Balancing Fairness and Performance in Healthcare AI: A Gradient Reconciliation Approach
This addresses fairness issues in healthcare AI to prevent inequitable resource allocation and diagnostic disparities, though it is incremental as it builds on existing fairness optimization methods.
The paper tackled the problem of AI systems in healthcare exacerbating disparities by proposing FairGrad, a gradient reconciliation framework that balances predictive performance and multi-attribute fairness; it achieved statistically significant improvements in fairness metrics while maintaining competitive accuracy on real-world datasets like Substance Use Disorder treatment and sepsis mortality.

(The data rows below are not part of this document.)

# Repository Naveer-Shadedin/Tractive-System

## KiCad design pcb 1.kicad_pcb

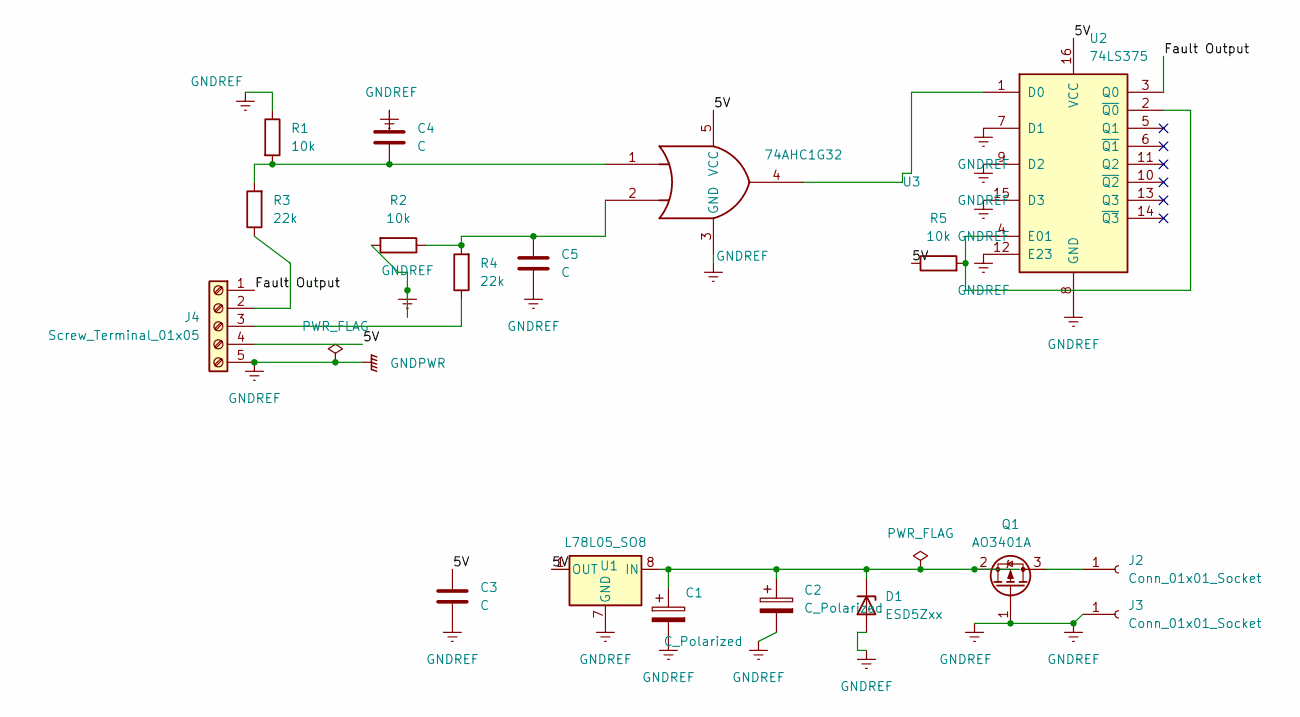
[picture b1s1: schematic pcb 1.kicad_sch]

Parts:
C1, C2: C_Polarized; CP_Elec_10x10.5
C3, C4, C5: C; C_Disc_D10.0mm_W2.5mm_P5.00mm
D1: ESD5Zxx; D_SOD-523
J2, J3: Conn_01x01_Socket; PinSocket_1x01_P2.00mm_Vertical
J4: Screw_Terminal_01x05; TerminalBlock_MaiXu_MX126-5.0-05P_1x05_P5.00mm
Q1: AO3401A; SOT-23
R1, R2, R5: 10k; R_01005_0402Metric_Pad0.57x0.30mm_HandSolder
R3, R4: 22k; R_01005_0402Metric_Pad0.57x0.30mm_HandSolder
U1: L78L05_SO8; SOIC-8_3.9x4.9mm_P1.27mm
U2: 74LS375; N16
U3: 74AHC1G32; SOT25_DIO

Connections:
/5V: C3.1, J4.4, R5.1, U1.1 (OUT), U2.16 (VCC), U3.5 (VCC)
/Fault Output: J4.1, U2.3 (Q0)
GNDPWR: C1.2, C2.2, C3.2, C4.1, C5.2, D1.2 (A), J3.1 (Pin_1_1), J4.5, Q1.1 (G), R1.1, R2.2, U1.2 (GND), U1.3 (GND), U1.6 (GND), U1.7 (GND), U2.7 (D1), U2.8 (GND), U2.9 (D2), U2.12 (E23), U2.15 (D3), U3.3 (GND)
unnamed: C4.2, R1.2, R3.2, U3.1
unnamed: C5.1, R2.1, R4.2, U3.2
unnamed: C1.1, C2.1, D1.1 (K), Q1.2 (S), U1.8 (IN)
unnamed: J2.1 (Pin_1_1), Q1.3 (D)
unnamed: J4.2, R3.1
unnamed: J4.3, R4.1
unnamed: U2.1 (D0), U3.4
unnamed: R5.2, U2.2 (~Q0), U2.4 (E01)

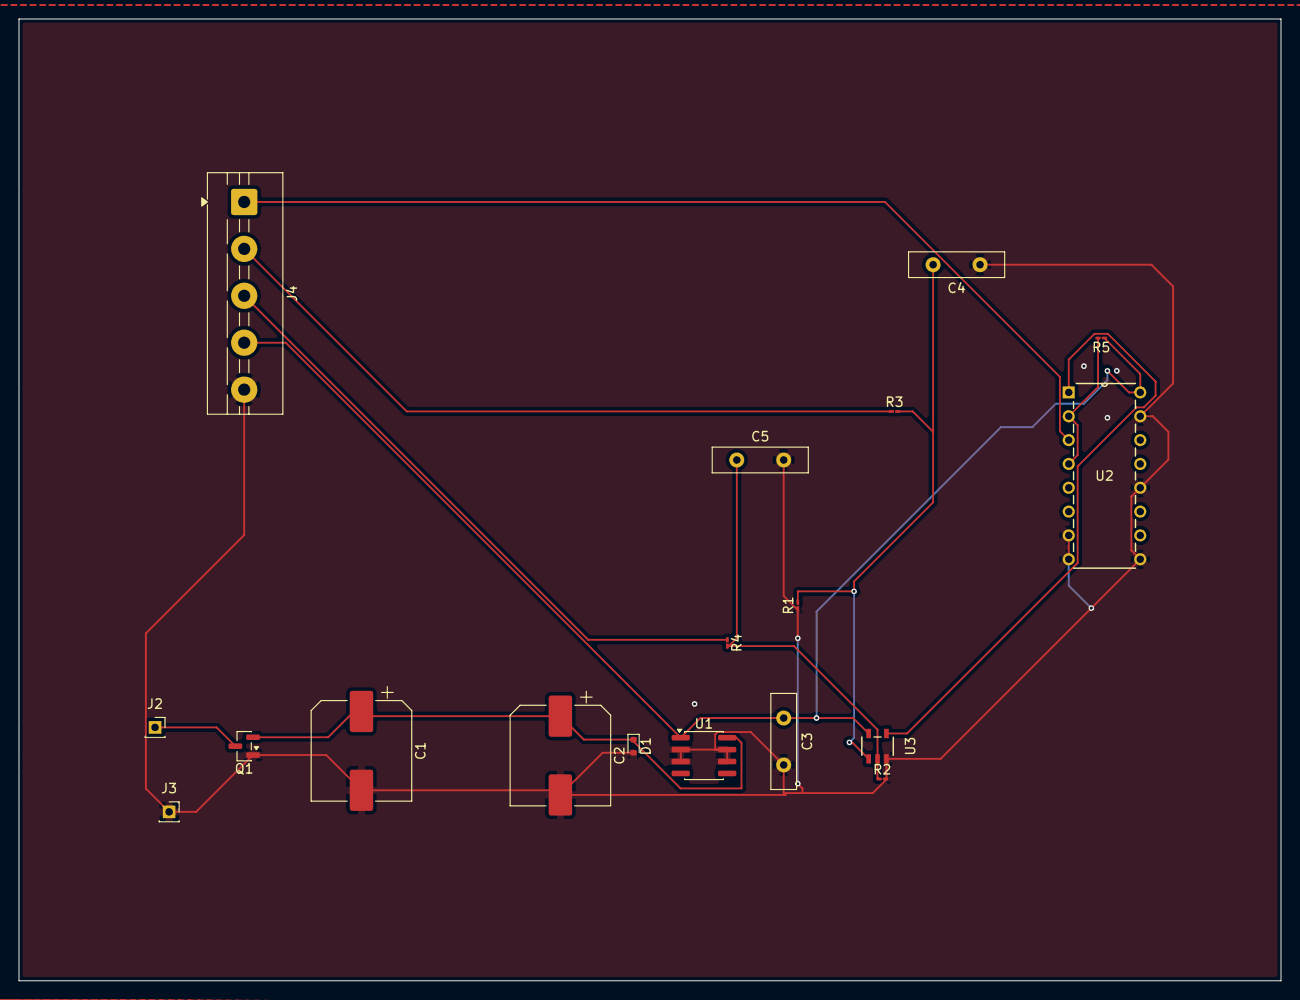
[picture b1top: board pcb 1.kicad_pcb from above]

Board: 2 copper layers, 134.5 x 102.5 mm, 18 parts (0 on the bottom side), 11 nets.

The rapid growth of healthcare data and advances in computational power have accelerated the adoption of artificial intelligence (AI) in medicine. However, AI systems deployed without explicit fairness considerations risk exacerbating existing healthcare disparities, potentially leading to inequitable resource allocation and diagnostic disparities across demographic subgroups. To address this challenge, we propose FairGrad, a novel gradient reconciliation framework that automatically balances predictive performance and multi-attribute fairness optimization in healthcare AI models. Our method resolves conflicting optimization objectives by projecting each gradient vector onto the orthogonal plane of the others, thereby regularizing the optimization trajectory to ensure equitable consideration of all objectives. Evaluated on diverse real-world healthcare datasets and predictive tasks - including Substance Use Disorder (SUD) treatment and sepsis mortality - FairGrad achieved statistically significant improvements in multi-attribute fairness metrics (e.g., equalized odds) while maintaining competitive predictive accuracy. These results demonstrate the viability of harmonizing fairness and utility in mission-critical medical AI applications.